With ARM architecture version 6(previously interrupt disabling was fully synchronous), ARM introduced two handy instructions, CPSID(Disable Interrupts), and CPSIE(Enable Interrupts). Previously it was always a read-modify-write sequence on the CPU flags register. Unlike MIPS, ARM also included an implicit hardware barrier in CPSID, but not in CPSIE. It turns out CPSID is the one you really want to have hardware support for. For CPSIE, interrupts usually come in a few instructions past the CPSIE, which you can think of as having sneaked a few instructions into time that would've otherwise been idle or spent on NOPs like on MIPS. Except for one rare specific case.

It's kinda awesome.

By the time CPSID completes, you can assume interrupts are disabled. And an interrupt being delayed by a handful of CPU cycles is rarely anything worry about. Codespace cost is a single instruction for each. Sanity stays at a maximum level. For the vast majority of compiler and assembly writers this implemntation of CPSID/CPSIE makes instruction scheduling a breeze...

...and then it sorta sucks.

Because there's this thing. The following code tries to reduce interrupt latency by manually scheduling the interruptions for a convenient time in the instruction stream. Luckily, it's quite rare in hosted operating systems, but more common in RTOSs. It's also not guaranteed to work:

	wait_for_interrupt:         ;Assume interrupts are disabled
	    CPSIE i                 ;Enable interrupts. But don't bother waiting for it...
	    CPSID i                 ;Stall until interrupts are disabled
	    b wait_for_interrupt    ;rinse and repeat

Will another interrupt ever occur? If the processor design favors performance, it may finish the current pipeline of instructions before taking an interrupt. If the design favors latency, it could discard whatever is in the pipeline as soon as it can take an incoming interrupt. On Cortex-M0/0+/1, the processor can execute one instruction with interrupts disabled after CPSID. On Cortex-M3/4/4F, one or two instructions can occur.
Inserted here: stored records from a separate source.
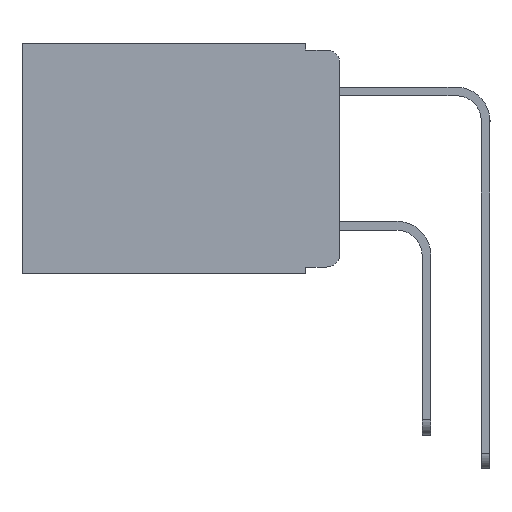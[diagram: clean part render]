
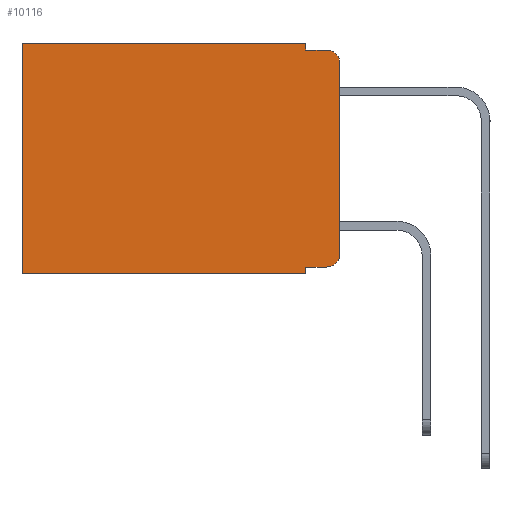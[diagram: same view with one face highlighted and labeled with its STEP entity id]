
A CAD part, left-side view. The second image highlights one B-rep face of the part: STEP entity #10116.
In plain terms, the highlighted planar face has unit normal (-1, 0, 0).
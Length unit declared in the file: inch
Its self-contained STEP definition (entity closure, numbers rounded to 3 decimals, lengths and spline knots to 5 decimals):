
#167 = VECTOR ( 'NONE', #5252, 39.37008 ) ;
#436 = CARTESIAN_POINT ( 'NONE',  ( 0.298, 0.051, 0. ) ) ;
#506 = LINE ( 'NONE', #10190, #167 ) ;
#569 = VECTOR ( 'NONE', #11071, 39.37008 ) ;
#877 = CARTESIAN_POINT ( 'NONE',  ( 0.298, 0.02, -0.01 ) ) ;
#963 = AXIS2_PLACEMENT_3D ( 'NONE', #3617, #6121, #7937 ) ;
#1110 = VECTOR ( 'NONE', #2199, 39.37008 ) ;
#1193 = VERTEX_POINT ( 'NONE', #8121 ) ;
#1436 = DIRECTION ( 'NONE',  ( 1., 0., 0. ) ) ;
#1526 = DIRECTION ( 'NONE',  ( 0., 0., -1. ) ) ;
#1567 = EDGE_CURVE ( 'NONE', #6526, #5903, #11236, .T. ) ;
#1698 = AXIS2_PLACEMENT_3D ( 'NONE', #12563, #1436, #8767 ) ;
#1706 = DIRECTION ( 'NONE',  ( 0., 0., -1. ) ) ;
#2089 = ORIENTED_EDGE ( 'NONE', *, *, #11728, .T. ) ;
#2199 = DIRECTION ( 'NONE',  ( 0., 1., 0. ) ) ;
#2486 = EDGE_CURVE ( 'NONE', #9372, #5362, #5589, .T. ) ;
#2770 = CARTESIAN_POINT ( 'NONE',  ( 0.298, 0.473, 0. ) ) ;
#2815 = ORIENTED_EDGE ( 'NONE', *, *, #12984, .T. ) ;
#2937 = CARTESIAN_POINT ( 'NONE',  ( 0.298, 0.051, -0.343 ) ) ;
#3401 = CARTESIAN_POINT ( 'NONE',  ( 0.298, 0.051, -0.01 ) ) ;
#3523 = LINE ( 'NONE', #4079, #569 ) ;
#3583 = CARTESIAN_POINT ( 'NONE',  ( 0.298, 0.473, 0. ) ) ;
#3617 = CARTESIAN_POINT ( 'NONE',  ( 0.298, 0.02, -0.03 ) ) ;
#3688 = DIRECTION ( 'NONE',  ( 0., 0., -1. ) ) ;
#3721 = EDGE_CURVE ( 'NONE', #5903, #1193, #9889, .T. ) ;
#4069 = FACE_OUTER_BOUND ( 'NONE', #6818, .T. ) ;
#4079 = CARTESIAN_POINT ( 'NONE',  ( 0.298, 0.051, -0.333 ) ) ;
#4491 = ORIENTED_EDGE ( 'NONE', *, *, #4697, .F. ) ;
#4697 = EDGE_CURVE ( 'NONE', #12666, #5362, #4862, .T. ) ;
#4718 = PLANE ( 'NONE',  #1698 ) ;
#4843 = ORIENTED_EDGE ( 'NONE', *, *, #1567, .T. ) ;
#4862 = LINE ( 'NONE', #3401, #12372 ) ;
#5106 = DIRECTION ( 'NONE',  ( -1., 0., 0. ) ) ;
#5189 = ORIENTED_EDGE ( 'NONE', *, *, #3721, .T. ) ;
#5211 = VERTEX_POINT ( 'NONE', #12553 ) ;
#5252 = DIRECTION ( 'NONE',  ( 0., 0., -1. ) ) ;
#5362 = VERTEX_POINT ( 'NONE', #877 ) ;
#5518 = ORIENTED_EDGE ( 'NONE', *, *, #10576, .F. ) ;
#5589 = CIRCLE ( 'NONE', #963, 0.02 ) ;
#5903 = VERTEX_POINT ( 'NONE', #2770 ) ;
#6054 = VECTOR ( 'NONE', #12542, 39.37008 ) ;
#6121 = DIRECTION ( 'NONE',  ( -1., 0., 0. ) ) ;
#6526 = VERTEX_POINT ( 'NONE', #6947 ) ;
#6565 = LINE ( 'NONE', #436, #8884 ) ;
#6818 = EDGE_LOOP ( 'NONE', ( #8930, #6920, #4491, #7235, #4843, #5189, #5518, #9695, #2089, #2815 ) ) ;
#6911 = CIRCLE ( 'NONE', #10440, 0.02 ) ;
#6920 = ORIENTED_EDGE ( 'NONE', *, *, #2486, .T. ) ;
#6947 = CARTESIAN_POINT ( 'NONE',  ( 0.298, 0.051, 0. ) ) ;
#7235 = ORIENTED_EDGE ( 'NONE', *, *, #7447, .F. ) ;
#7374 = CARTESIAN_POINT ( 'NONE',  ( 0.298, 0., 0. ) ) ;
#7447 = EDGE_CURVE ( 'NONE', #6526, #12666, #506, .T. ) ;
#7543 = CARTESIAN_POINT ( 'NONE',  ( 0.298, 0.051, -0.01 ) ) ;
#7797 = CARTESIAN_POINT ( 'NONE',  ( 0.298, 0., 0. ) ) ;
#7864 = EDGE_CURVE ( 'NONE', #5211, #12378, #6565, .T. ) ;
#7937 = DIRECTION ( 'NONE',  ( 0., 0., -1. ) ) ;
#8121 = CARTESIAN_POINT ( 'NONE',  ( 0.298, 0.473, -0.343 ) ) ;
#8462 = CARTESIAN_POINT ( 'NONE',  ( 0.298, 0., -0.343 ) ) ;
#8766 = LINE ( 'NONE', #7797, #11319 ) ;
#8767 = DIRECTION ( 'NONE',  ( 0., 0., -1. ) ) ;
#8884 = VECTOR ( 'NONE', #1526, 39.37008 ) ;
#8930 = ORIENTED_EDGE ( 'NONE', *, *, #12825, .F. ) ;
#9140 = LINE ( 'NONE', #8462, #1110 ) ;
#9308 = VERTEX_POINT ( 'NONE', #13106 ) ;
#9372 = VERTEX_POINT ( 'NONE', #9425 ) ;
#9425 = CARTESIAN_POINT ( 'NONE',  ( 0.298, 0., -0.03 ) ) ;
#9695 = ORIENTED_EDGE ( 'NONE', *, *, #7864, .F. ) ;
#9889 = LINE ( 'NONE', #3583, #12396 ) ;
#10116 = ADVANCED_FACE ( 'NONE', ( #4069 ), #4718, .F. ) ;
#10190 = CARTESIAN_POINT ( 'NONE',  ( 0.298, 0.051, 0. ) ) ;
#10440 = AXIS2_PLACEMENT_3D ( 'NONE', #11004, #5106, #11946 ) ;
#10576 = EDGE_CURVE ( 'NONE', #12378, #1193, #9140, .T. ) ;
#10837 = VERTEX_POINT ( 'NONE', #12639 ) ;
#11004 = CARTESIAN_POINT ( 'NONE',  ( 0.298, 0.02, -0.313 ) ) ;
#11071 = DIRECTION ( 'NONE',  ( 0., -1., 0. ) ) ;
#11236 = LINE ( 'NONE', #7374, #6054 ) ;
#11319 = VECTOR ( 'NONE', #3688, 39.37008 ) ;
#11728 = EDGE_CURVE ( 'NONE', #5211, #10837, #3523, .T. ) ;
#11946 = DIRECTION ( 'NONE',  ( 0., 0., -1. ) ) ;
#12058 = DIRECTION ( 'NONE',  ( 0., -1., 0. ) ) ;
#12372 = VECTOR ( 'NONE', #12058, 39.37008 ) ;
#12378 = VERTEX_POINT ( 'NONE', #2937 ) ;
#12396 = VECTOR ( 'NONE', #1706, 39.37008 ) ;
#12542 = DIRECTION ( 'NONE',  ( 0., 1., 0. ) ) ;
#12553 = CARTESIAN_POINT ( 'NONE',  ( 0.298, 0.051, -0.333 ) ) ;
#12563 = CARTESIAN_POINT ( 'NONE',  ( 0.298, 0., 0. ) ) ;
#12639 = CARTESIAN_POINT ( 'NONE',  ( 0.298, 0.02, -0.333 ) ) ;
#12666 = VERTEX_POINT ( 'NONE', #7543 ) ;
#12825 = EDGE_CURVE ( 'NONE', #9372, #9308, #8766, .T. ) ;
#12984 = EDGE_CURVE ( 'NONE', #10837, #9308, #6911, .T. ) ;
#13106 = CARTESIAN_POINT ( 'NONE',  ( 0.298, 0., -0.313 ) ) ;

But there's a footnote in ARM's documentation that the above code will work on Cortex-M0/0+/1/3/4/4F because the next CPSID should figure it all out. But this documentation predates the dual issue Cortex-M7, as well as the new M23 and M33, whose documentation has not been announced yet. Clear as mud? Adding an instruction synchronization barrier will always work:

	wait_for_interrupt:         ;Assume interrupts are disabled
	    CPSIE i                 ;Enable interrupts. But don't bother waiting for it...
	    ISB                     ;Pause instruction execution
	    CPSID i                 ;Stall until interrupts are disabled
	    b wait_for_interrupt    ;rinse and repeat

...but really, it's a pretty sensible tradeoff.

Older ARM cores, at least ARM7TDMI and Cortex-A9 supported a different mechanism for interrupt disablement, where all writes to the CPSR were synchronizing, this was often unneccesarily slow. Exposing only the enable hazard will almost never cause a problem.

Instruction Set Compatibility

As we've seen, there are lots of crazy ways to lock developers into archaic details of the CPU. Wouldn't it be great if the same executable could be run on future chip versions? ARM handles this with pipeline stalls in the appropriate places. After MIPS R3000, things are handled the same way in userspace, with a few oddities left for the kernel.

TI C66x, with its near fully asynchronous architecture is left in a tough spot - improving instruction timings would break existing binaries and libraries, but handcuffing the CPU to an old pipeline doesn't make sense either. TI's solution is to implement an entire, distinct instruction set each time they improved the processor throughput, leaving the old instruction encodings padded with stalls. Conveniently, compilers can now issue these when they need a result a few cycles later than originally expected.

Tensilica and ARC don't bother with instruction set compatibility. The main driver behind selecting one of these is so custom instructions can be tailor made into a core. These are available both from the the supplier, but ARC also allows adding your own. Simply put, when changing over from one processor to another in this family, only the base instructions are available, and DCT/IDCT might not be, or Vitterbi decoder may or may not be, or motion estimator, or FPU, ...